WHAT YOU ARE ASKED TO DO:
Each line holding the string "dimtolj" is to be copied from the data.

[Records from a data source]
****************************************

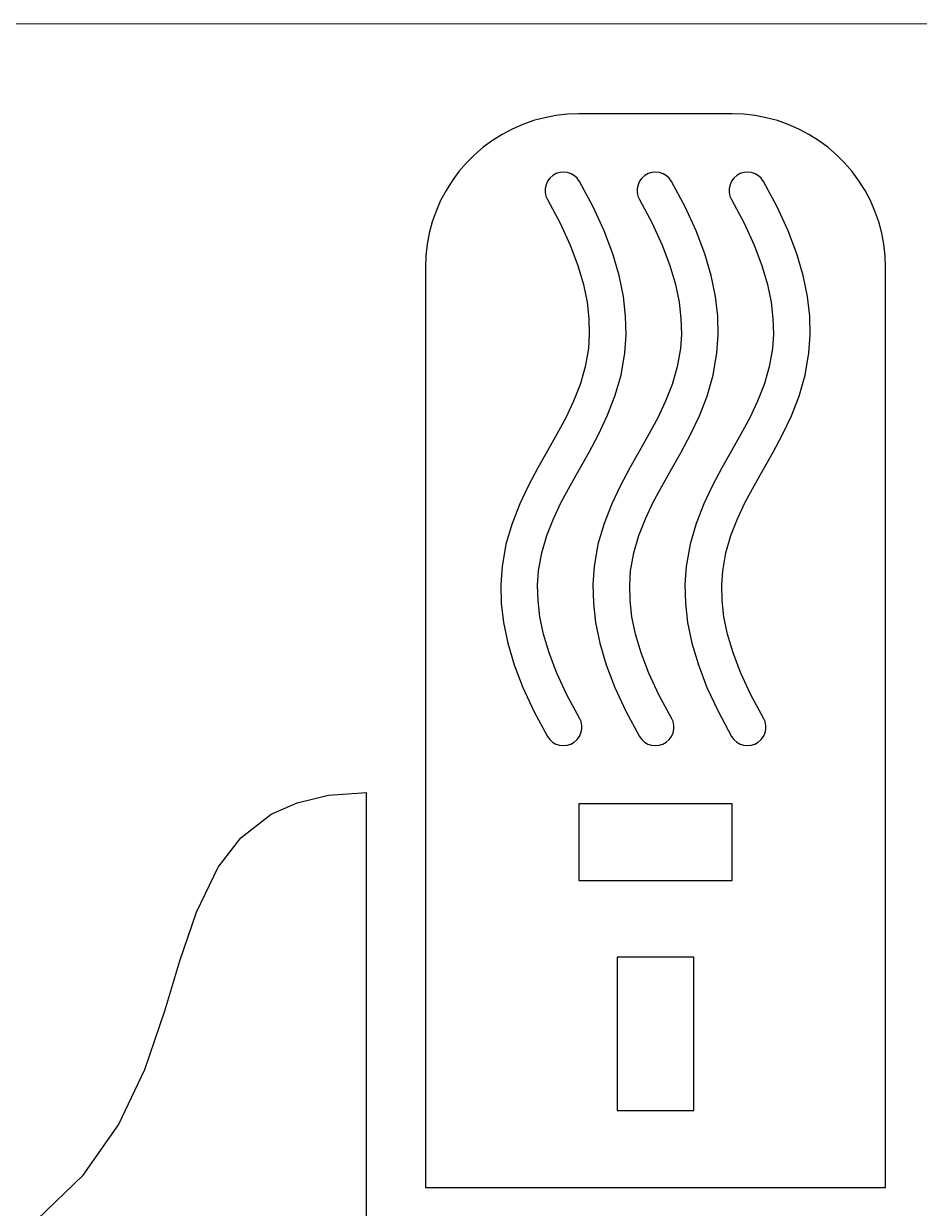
# Model space of a CAD drawing. Header units: millimetres. Extents: x -3928 to -434, y -548 to 1409.
# Drawn here: x -2850.2 to -2791.8, y 1245.1 to 1322.4 of the extents above; entities that cross this region are included whole.
import ezdxf

# ---------------------------------------------------------------- set-up
doc = ezdxf.new("R2010")
doc.units = ezdxf.units.MM
doc.header["$MEASUREMENT"] = 0
doc.layers.add('layer 1', color=7, linetype='Continuous')

msp = doc.modelspace()

# ---------------------------------------------------------------- linework, layer by layer
at = {"layer": 'layer 1', "color": 250, "lineweight": 9}
msp.add_lwpolyline([(-3928.424, 422.392), (-2728.424, 422.392), (-2728.424, 1322.392), (-3928.424, 1322.392), (-3928.424, 422.392)], close=True, dxfattribs=at)
at = {"layer": 'layer 1', "color": 1, "lineweight": 25}
for points, knots in [([(-2814.0052, 1316.5148), (-2814.0052, 1316.5148), (-2814.7524, 1316.4869), (-2814.7524, 1316.4869), (-2814.7524, 1316.4869), (-2814.7524, 1316.4869), (-2815.4957, 1316.4029), (-2815.4957, 1316.4029), (-2815.4957, 1316.4029), (-2815.4957, 1316.4029), (-2816.2306, 1316.2639), (-2816.2306, 1316.2639), (-2816.2306, 1316.2639), (-2816.2306, 1316.2639), (-2816.9527, 1316.0706), (-2816.9527, 1316.0706), (-2816.9527, 1316.0706), (-2816.9527, 1316.0706), (-2817.6586, 1315.8237), (-2817.6586, 1315.8237), (-2817.6586, 1315.8237), (-2817.6586, 1315.8237), (-2818.3441, 1315.5245), (-2818.3441, 1315.5245), (-2818.3441, 1315.5245), (-2818.3441, 1315.5245), (-2819.0052, 1315.1749), (-2819.0052, 1315.1749), (-2819.0052, 1315.1749), (-2819.0052, 1315.1749), (-2819.6384, 1314.7773), (-2819.6384, 1314.7773), (-2819.6384, 1314.7773), (-2819.6384, 1314.7773), (-2820.2402, 1314.3332), (-2820.2402, 1314.3332), (-2820.2402, 1314.3332), (-2820.2402, 1314.3332), (-2820.8071, 1313.8453), (-2820.8071, 1313.8453), (-2820.8071, 1313.8453), (-2820.8071, 1313.8453), (-2821.3356, 1313.3165), (-2821.3356, 1313.3165), (-2821.3356, 1313.3165), (-2821.3356, 1313.3165), (-2821.8235, 1312.7496), (-2821.8235, 1312.7496), (-2821.8235, 1312.7496), (-2821.8235, 1312.7496), (-2822.2676, 1312.1481), (-2822.2676, 1312.1481), (-2822.2676, 1312.1481), (-2822.2676, 1312.1481), (-2822.6656, 1311.5148), (-2822.6656, 1311.5148), (-2822.6656, 1311.5148), (-2822.6656, 1311.5148), (-2823.0148, 1310.8537), (-2823.0148, 1310.8537), (-2823.0148, 1310.8537), (-2823.0148, 1310.8537), (-2823.314, 1310.1683), (-2823.314, 1310.1683), (-2823.314, 1310.1683), (-2823.314, 1310.1683), (-2823.5609, 1309.4624), (-2823.5609, 1309.4624), (-2823.5609, 1309.4624), (-2823.5609, 1309.4624), (-2823.7546, 1308.7399), (-2823.7546, 1308.7399), (-2823.7546, 1308.7399), (-2823.7546, 1308.7399), (-2823.8936, 1308.0051), (-2823.8936, 1308.0051), (-2823.8936, 1308.0051), (-2823.8936, 1308.0051), (-2823.9772, 1307.2621), (-2823.9772, 1307.2621), (-2823.9772, 1307.2621), (-2823.9772, 1307.2621), (-2824.0051, 1306.5149), (-2824.0051, 1306.5149)], [0, 0, 0, 0, 0.0454545, 0.0454545, 0.0454545, 0.0454545, 0.0909091, 0.0909091, 0.0909091, 0.0909091, 0.1363636, 0.1363636, 0.1363636, 0.1363636, 0.1818182, 0.1818182, 0.1818182, 0.1818182, 0.2272727, 0.2272727, 0.2272727, 0.2272727, 0.2727273, 0.2727273, 0.2727273, 0.2727273, 0.3181818, 0.3181818, 0.3181818, 0.3181818, 0.3636364, 0.3636364, 0.3636364, 0.3636364, 0.4090909, 0.4090909, 0.4090909, 0.4090909, 0.4545455, 0.4545455, 0.4545455, 0.4545455, 0.5, 0.5, 0.5, 0.5, 0.5454545, 0.5454545, 0.5454545, 0.5454545, 0.5909091, 0.5909091, 0.5909091, 0.5909091, 0.6363636, 0.6363636, 0.6363636, 0.6363636, 0.6818182, 0.6818182, 0.6818182, 0.6818182, 0.7272727, 0.7272727, 0.7272727, 0.7272727, 0.7727273, 0.7727273, 0.7727273, 0.7727273, 0.8181818, 0.8181818, 0.8181818, 0.8181818, 0.8636364, 0.8636364, 0.8636364, 0.8636364, 0.9090909, 0.9090909, 0.9090909, 0.9090909, 1, 1, 1, 1]), ([(-2794.0052, 1306.5149), (-2794.0052, 1306.5149), (-2794.0331, 1307.2621), (-2794.0331, 1307.2621), (-2794.0331, 1307.2621), (-2794.0331, 1307.2621), (-2794.117, 1308.0051), (-2794.117, 1308.0051), (-2794.117, 1308.0051), (-2794.117, 1308.0051), (-2794.256, 1308.7399), (-2794.256, 1308.7399), (-2794.256, 1308.7399), (-2794.256, 1308.7399), (-2794.4494, 1309.4624), (-2794.4494, 1309.4624), (-2794.4494, 1309.4624), (-2794.4494, 1309.4624), (-2794.6967, 1310.1683), (-2794.6967, 1310.1683), (-2794.6967, 1310.1683), (-2794.6967, 1310.1683), (-2794.9955, 1310.8537), (-2794.9955, 1310.8537), (-2794.9955, 1310.8537), (-2794.9955, 1310.8537), (-2795.3451, 1311.5148), (-2795.3451, 1311.5148), (-2795.3451, 1311.5148), (-2795.3451, 1311.5148), (-2795.743, 1312.1481), (-2795.743, 1312.1481), (-2795.743, 1312.1481), (-2795.743, 1312.1481), (-2796.1868, 1312.7496), (-2796.1868, 1312.7496), (-2796.1868, 1312.7496), (-2796.1868, 1312.7496), (-2796.6747, 1313.3165), (-2796.6747, 1313.3165), (-2796.6747, 1313.3165), (-2796.6747, 1313.3165), (-2797.2035, 1313.8453), (-2797.2035, 1313.8453), (-2797.2035, 1313.8453), (-2797.2035, 1313.8453), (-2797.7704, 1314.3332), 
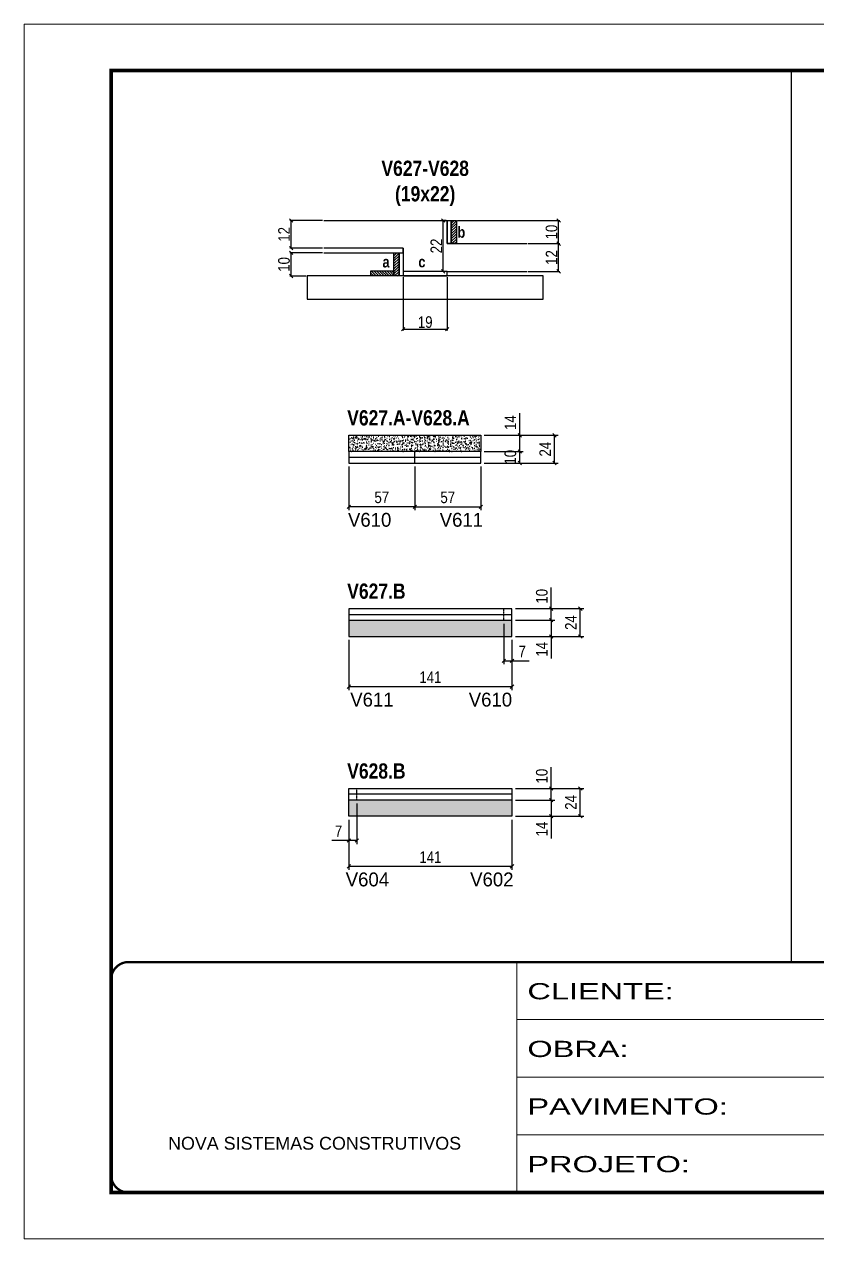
# Model space of a CAD drawing. Extents: x 13154 to 22413, y 1253 to 30260.
# Drawn here: x 16338 to 17023, y 20779 to 21829 of the extents above; entities that cross this region are included whole.
import ezdxf

# ---------------------------------------------------------------- set-up
doc = ezdxf.new("R2010")
doc.units = 0
for name, pattern in [('CONTINUO', [0]), ('DASHED', [0.75, 0.5, -0.25]), ('HIDDEN', [0.375, 0.25, -0.125])]:
    doc.linetypes.add(name, pattern=pattern)
for name, color, linetype in [('5', 5, 'Continuous'), ('barrote', 251, 'Continuous'), ('COTA', 241, 'Continuous'), ('detalhes', 4, 'Continuous'), ('NOMENCLATURA', 7, 'Continuous'), ('Painéis', 200, 'Continuous'), ('SARR_2.2x10', 60, 'Continuous'), ('SARR_2.2x7', 40, 'Continuous')]:
    doc.layers.add(name, color=color, linetype=linetype)
for name, color, linetype, lineweight in [('CONCRETO', 251, 'Continuous', 25), ('Folhas', 255, 'Continuous', 9), ('SARRAFO DE PRESSAO', 251, 'DASHED', 9)]:
    doc.layers.add(name, color=color, linetype=linetype, lineweight=lineweight)
doc.styles.add('ARIAL', font='arial.ttf')
doc.styles.add('COTA TECNICA', font='techl___.ttf', dxfattribs={"height": 10})
doc.styles.add('COTA TECNICA 2X', font='techl___.ttf', dxfattribs={"height": 10})
doc.styles.add('ROMAS860', font='ROMAS860.SHX')
doc.styles.add('TECNICA', font='techb___.ttf', dxfattribs={"height": 10})
doc.styles.add('Tecnologia', font='')
doc.styles.get('Tecnologia').set_extended_font_data('Forgotten Futurist')
doc.dimstyles.new('PAINEL', dxfattribs={"dimtxt": 10, "dimasz": 3, "dimexe": 3, "dimexo": 3, "dimgap": 3, "dimtad": 1, "dimdec": 1, "dimzin": 12, "dimdsep": 46, "dimtxsty": 'COTA TECNICA', "dimblk1": 'OBLIQUE', "dimblk2": 'OBLIQUE', "dimsah": 1, "dimcen": 0.9, "dimclrd": 4, "dimclre": 4, "dimclrt": 240, "dimadec": 1, "dimazin": 3, "dimtfac": 1, "dimtdec": 1, "dimtmove": 0, "dimatfit": 3, "dimfxl": 1, "dimtolj": 1, "dimtzin": 12, "dimarcsym": 0})
doc.dimstyles.new('SECAO', dxfattribs={"dimscale": 0.333333, "dimtxt": 5, "dimasz": 9, "dimexe": 3, "dimexo": 3, "dimgap": 3, "dimtad": 1, "dimdec": 1, "dimlfac": 0.5, "dimzin": 12, "dimdsep": 46, "dimtxsty": 'COTA TECNICA 2X', "dimblk1": 'OBLIQUE', "dimblk2": 'OBLIQUE', "dimsah": 1, "dimcen": 0.9, "dimclrd": 4, "dimclre": 4, "dimclrt": 240, "dimadec": 1, "dimazin": 3, "dimtfac": 1, "dimtdec": 1, "dimtmove": 0, "dimatfit": 3, "dimfxl": 1, "dimtolj": 1, "dimtzin": 12, "dimarcsym": 0})

# ---------------------------------------------------------------- blocks, each defined once
blk = doc.blocks.new('9999999999')
at = {"color": 30, "linetype": 'CONTINUO'}
for p, q in [((98564.6, 34230.2), (98564.6, 34429.4)), ((98564.6, 34379.6), (99584, 34379.6)), ((98564.6, 34329.8), (99488, 34329.8)), ((98564.6, 34280), (99488, 34280))]:
    blk.add_line(p, q, dxfattribs=at)
at = {"color": 30, "linetype": 'CONTINUO', "const_width": 2}
blk.add_lwpolyline([(99584, 34230.2), (99584, 34414.4, 0.414214), (99569, 34429.4), (98229, 34429.4, 0.414214), (98214, 34414.4), (98214, 34245.2, 0.414214), (98229, 34230.2), (99584, 34230.2)], format="xyb", dxfattribs=at)
at = {"layer": 'Folhas'}
blk.add_lwpolyline([(98139, 34190.2), (99624, 34190.2), (99624, 35240.2), (98139, 35240.2)], close=True, dxfattribs=at)
at = {"layer": 'Folhas', "color": 30, "const_width": 3}
blk.add_lwpolyline([(98214, 34230.2), (99584, 34230.2), (99584, 35200.2), (98214, 35200.2)], close=True, dxfattribs=at)
at = {"color": 7, "linetype": 'Continuous', "ltscale": 5, "style": 'ARIAL'}
blk.add_text('NOVA SISTEMAS CONSTRUTIVOS', height=11.059, dxfattribs=at).set_placement((98263.2, 34267.2))
at = {"layer": 'Folhas', "color": 7, "style": 'Tecnologia', "width": 1.5}
for s, p in [('CLIENTE:', (98573.7, 34397.2)), ('OBRA:', (98573.7, 34347.3)), ('PAVIMENTO:', (98573.7, 34297.5)), ('PROJETO:', (98573.7, 34247.7))]:
    blk.add_text(s, height=14, dxfattribs=at).set_placement(p)
blk = doc.blocks.new('_Oblique')
at = {"color": 0, "linetype": 'ByBlock', "lineweight": -2}
blk.add_line((-0.5, -0.5), (0.5, 0.5), dxfattribs=at)
blk = doc.blocks.new('*D1612')
at = {"layer": 'COTA', "color": 4, "lineweight": -2, "transparency": 16777216}
for p, q in [((16702.3, 21659.5), (16698.9, 21659.5)), ((16699.9, 21615.5), (16699.9, 21659.5)), ((16702.3, 21615.5), (16698.9, 21615.5))]:
    blk.add_line(p, q, dxfattribs=at)
at = {"layer": 'Defpoints', "color": 0, "transparency": 16777216}
for p in [(16699.9, 21659.5), (16703.3, 21659.5), (16703.3, 21615.5)]:
    blk.add_point(p, dxfattribs=at)
at = {"layer": 'COTA', "color": 4, "lineweight": -2, "transparency": 16777216, "xscale": 3, "yscale": 3, "zscale": 3}
for p, rotation in [((16699.9, 21659.5), 90), ((16699.9, 21615.5), 270)]:
    blk.add_blockref('_Oblique', p, dxfattribs=dict(at, rotation=rotation))
at = {"layer": 'COTA', "color": 240, "transparency": 16777216, "insert": (16693.9, 21637.5), "char_height": 10, "attachment_point": 5, "rotation": 90, "style": 'COTA TECNICA 2X'}
blk.add_mtext('\\A1;22', dxfattribs=at)
blk = doc.blocks.new('*D1613')
at = {"layer": 'COTA', "color": 4, "lineweight": -2, "transparency": 16777216}
for p, q in [((16595.6, 21631.5), (16567.4, 21631.5)), ((16568.4, 21611.5), (16568.4, 21631.5)), ((16581.3, 21611.5), (16567.4, 21611.5))]:
    blk.add_line(p, q, dxfattribs=at)
at = {"layer": 'Defpoints', "color": 0, "transparency": 16777216}
for p in [(16568.4, 21631.5), (16596.6, 21631.5), (16582.3, 21611.5)]:
    blk.add_point(p, dxfattribs=at)
at = {"layer": 'COTA', "color": 4, "lineweight": -2, "transparency": 16777216, "xscale": 3, "yscale": 3, "zscale": 3}
for p, rotation in [((16568.4, 21631.5), 90), ((16568.4, 21611.5), 270)]:
    blk.add_blockref('_Oblique', p, dxfattribs=dict(at, rotation=rotation))
at = {"layer": 'COTA', "color": 240, "transparency": 16777216, "insert": (16562.3, 21621.5), "char_height": 10, "attachment_point": 5, "rotation": 90, "style": 'COTA TECNICA 2X'}
blk.add_mtext('\\A1;10', dxfattribs=at)
blk = doc.blocks.new('*D1614')
at = {"layer": 'COTA', "color": 4, "lineweight": -2, "transparency": 16777216}
for p, q in [((16595.6, 21659.5), (16567.4, 21659.5)), ((16568.4, 21635.5), (16568.4, 21659.5)), ((16595.6, 21635.5), (16567.4, 21635.5))]:
    blk.add_line(p, q, dxfattribs=at)
at = {"layer": 'Defpoints', "color": 0, "transparency": 16777216}
for p in [(16568.4, 21659.5), (16596.6, 21659.5), (16596.6, 21635.5)]:
    blk.add_point(p, dxfattribs=at)
at = {"layer": 'COTA', "color": 4, "lineweight": -2, "transparency": 16777216, "xscale": 3, "yscale": 3, "zscale": 3}
for p, rotation in [((16568.4, 21659.5), 90), ((16568.4, 21635.5), 270)]:
    blk.add_blockref('_Oblique', p, dxfattribs=dict(at, rotation=rotation))
at = {"layer": 'COTA', "color": 240, "transparency": 16777216, "insert": (16562.3, 21647.5), "char_height": 10, "attachment_point": 5, "rotation": 90, "style": 'COTA TECNICA 2X'}
blk.add_mtext('\\A1;12', dxfattribs=at)
blk = doc.blocks.new('*D1615')
at = {"layer": 'COTA', "color": 4, "lineweight": -2, "transparency": 16777216}
for p, q in [((16773, 21639.5), (16800.6, 21639.5)), ((16799.6, 21615.5), (16799.6, 21639.5)), ((16773, 21615.5), (16800.6, 21615.5))]:
    blk.add_line(p, q, dxfattribs=at)
at = {"layer": 'Defpoints', "color": 0, "transparency": 16777216}
for p in [(16772, 21639.5), (16799.6, 21639.5), (16772, 21615.5)]:
    blk.add_point(p, dxfattribs=at)
at = {"layer": 'COTA', "color": 4, "lineweight": -2, "transparency": 16777216, "xscale": 3, "yscale": 3, "zscale": 3}
for p, rotation in [((16799.6, 21639.5), 90), ((16799.6, 21615.5), 270)]:
    blk.add_blockref('_Oblique', p, dxfattribs=dict(at, rotation=rotation))
at = {"layer": 'COTA', "color": 240, "transparency": 16777216, "insert": (16793.5, 21627.5), "char_height": 10, "attachment_point": 5, "rotation": 90, "style": 'COTA TECNICA 2X'}
blk.add_mtext('\\A1;12', dxfattribs=at)
blk = doc.blocks.new('*D1616')
at = {"layer": 'COTA', "color": 4, "lineweight": -2, "transparency": 16777216}
for p, q in [((16712.3, 21659.5), (16800.6, 21659.5)), ((16799.6, 21639.5), (16799.6, 21659.5)), ((16773, 21639.5), (16800.6, 21639.5))]:
    blk.add_line(p, q, dxfattribs=at)
at = {"layer": 'Defpoints', "color": 0, "transparency": 16777216}
for p in [(16711.3, 21659.5), (16799.6, 21659.5), (16772, 21639.5)]:
    blk.add_point(p, dxfattribs=at)
at = {"layer": 'COTA', "color": 4, "lineweight": -2, "transparency": 16777216, "xscale": 3, "yscale": 3, "zscale": 3}
for p, rotation in [((16799.6, 21659.5), 90), ((16799.6, 21639.5), 270)]:
    blk.add_blockref('_Oblique', p, dxfattribs=dict(at, rotation=rotation))
at = {"layer": 'COTA', "color": 240, "transparency": 16777216, "insert": (16793.5, 21649.5), "char_height": 10, "attachment_point": 5, "rotation": 90, "style": 'COTA TECNICA 2X'}
blk.add_mtext('\\A1;10', dxfattribs=at)
blk = doc.blocks.new('*D1617')
at = {"layer": 'COTA', "color": 4, "lineweight": -2, "transparency": 16777216}
for p, q in [((16665.3, 21610.5), (16665.3, 21564.5)), ((16703.3, 21610.5), (16703.3, 21564.5)), ((16665.3, 21565.5), (16703.3, 21565.5))]:
    blk.add_line(p, q, dxfattribs=at)
at = {"layer": 'Defpoints', "color": 0, "transparency": 16777216}
for p in [(16665.3, 21611.5), (16703.3, 21611.5), (16703.3, 21565.5)]:
    blk.add_point(p, dxfattribs=at)
at = {"layer": 'COTA', "color": 4, "lineweight": -2, "transparency": 16777216, "xscale": 3, "yscale": 3, "zscale": 3, "rotation": 180}
blk.add_blockref('_Oblique', (16665.3, 21565.5), dxfattribs=at)
at = {"layer": 'COTA', "color": 4, "lineweight": -2, "transparency": 16777216, "xscale": 3, "yscale": 3, "zscale": 3}
blk.add_blockref('_Oblique', (16703.3, 21565.5), dxfattribs=at)
at = {"layer": 'COTA', "color": 240, "transparency": 16777216, "insert": (16684.3, 21571.6), "char_height": 10, "attachment_point": 5, "style": 'COTA TECNICA 2X'}
blk.add_mtext('\\A1;19', dxfattribs=at)
blk = doc.blocks.new('*D1618')
at = {"layer": 'COTA', "color": 4, "lineweight": -2, "transparency": 16777216}
for p, q in [((16618.3, 21446.8), (16618.3, 21409)), ((16675.3, 21446.8), (16675.3, 21409)), ((16675.3, 21412), (16618.3, 21412))]:
    blk.add_line(p, q, dxfattribs=at)
at = {"layer": 'Defpoints', "color": 0, "transparency": 16777216}
for p in [(16618.3, 21449.8), (16675.3, 21449.8), (16618.3, 21412)]:
    blk.add_point(p, dxfattribs=at)
at = {"layer": 'COTA', "color": 4, "lineweight": -2, "transparency": 16777216, "xscale": 3, "yscale": 3, "zscale": 3, "rotation": 180}
blk.add_blockref('_Oblique', (16618.3, 21412), dxfattribs=at)
at = {"layer": 'COTA', "color": 4, "lineweight": -2, "transparency": 16777216, "xscale": 3, "yscale": 3, "zscale": 3}
blk.add_blockref('_Oblique', (16675.3, 21412), dxfattribs=at)
at = {"layer": 'COTA', "color": 240, "transparency": 16777216, "insert": (16646.8, 21420.1), "char_height": 10, "attachment_point": 5, "style": 'COTA TECNICA'}
blk.add_mtext('\\A1;57', dxfattribs=at)
blk = doc.blocks.new('*D1619')
at = {"layer": 'COTA', "color": 4, "lineweight": -2, "transparency": 16777216}
for p, q in [((16735.3, 21459.8), (16769, 21459.8)), ((16766, 21449.8), (16766, 21459.8)), ((16735.3, 21449.8), (16769, 21449.8))]:
    blk.add_line(p, q, dxfattribs=at)
at = {"layer": 'Defpoints', "color": 0, "transparency": 16777216}
for p in [(16732.3, 21459.8), (16766, 21459.8), (16732.3, 21449.8)]:
    blk.add_point(p, dxfattribs=at)
at = {"layer": 'COTA', "color": 4, "lineweight": -2, "transparency": 16777216, "xscale": 3, "yscale": 3, "zscale": 3}
for p, rotation in [((16766, 21459.8), 90), ((16766, 21449.8), 270)]:
    blk.add_blockref('_Oblique', p, dxfattribs=dict(at, rotation=rotation))
at = {"layer": 'COTA', "color": 240, "transparency": 16777216, "insert": (16757.9, 21454.8), "char_height": 10, "attachment_point": 5, "rotation": 90, "style": 'COTA TECNICA'}
blk.add_mtext('\\A1;10', dxfattribs=at)
blk = doc.blocks.new('*D1620')
at = {"layer": 'COTA', "color": 4, "lineweight": -2, "transparency": 16777216}
for p, q in [((16675.3, 21446.8), (16675.3, 21409)), ((16732.3, 21446.8), (16732.3, 21409)), ((16675.3, 21412), (16732.3, 21412))]:
    blk.add_line(p, q, dxfattribs=at)
at = {"layer": 'Defpoints', "color": 0, "transparency": 16777216}
for p in [(16675.3, 21449.8), (16732.3, 21449.8), (16732.3, 21412)]:
    blk.add_point(p, dxfattribs=at)
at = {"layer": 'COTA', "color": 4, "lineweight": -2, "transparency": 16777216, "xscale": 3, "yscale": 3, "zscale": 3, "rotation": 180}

****************************************

SOLUTION:
doc.dimstyles.new('PAINEL', dxfattribs={"dimtxt": 10, "dimasz": 3, "dimexe": 3, "dimexo": 3, "dimgap": 3, "dimtad": 1, "dimdec": 1, "dimzin": 12, "dimdsep": 46, "dimtxsty": 'COTA TECNICA', "dimblk1": 'OBLIQUE', "dimblk2": 'OBLIQUE', "dimsah": 1, "dimcen": 0.9, "dimclrd": 4, "dimclre": 4, "dimclrt": 240, "dimadec": 1, "dimazin": 3, "dimtfac": 1, "dimtdec": 1, "dimtmove": 0, "dimatfit": 3, "dimfxl": 1, "dimtolj": 1, "dimtzin": 12, "dimarcsym": 0})
doc.dimstyles.new('SECAO', dxfattribs={"dimscale": 0.333333, "dimtxt": 5, "dimasz": 9, "dimexe": 3, "dimexo": 3, "dimgap": 3, "dimtad": 1, "dimdec": 1, "dimlfac": 0.5, "dimzin": 12, "dimdsep": 46, "dimtxsty": 'COTA TECNICA 2X', "dimblk1": 'OBLIQUE', "dimblk2": 'OBLIQUE', "dimsah": 1, "dimcen": 0.9, "dimclrd": 4, "dimclre": 4, "dimclrt": 240, "dimadec": 1, "dimazin": 3, "dimtfac": 1, "dimtdec": 1, "dimtmove": 0, "dimatfit": 3, "dimfxl": 1, "dimtolj": 1, "dimtzin": 12, "dimarcsym": 0})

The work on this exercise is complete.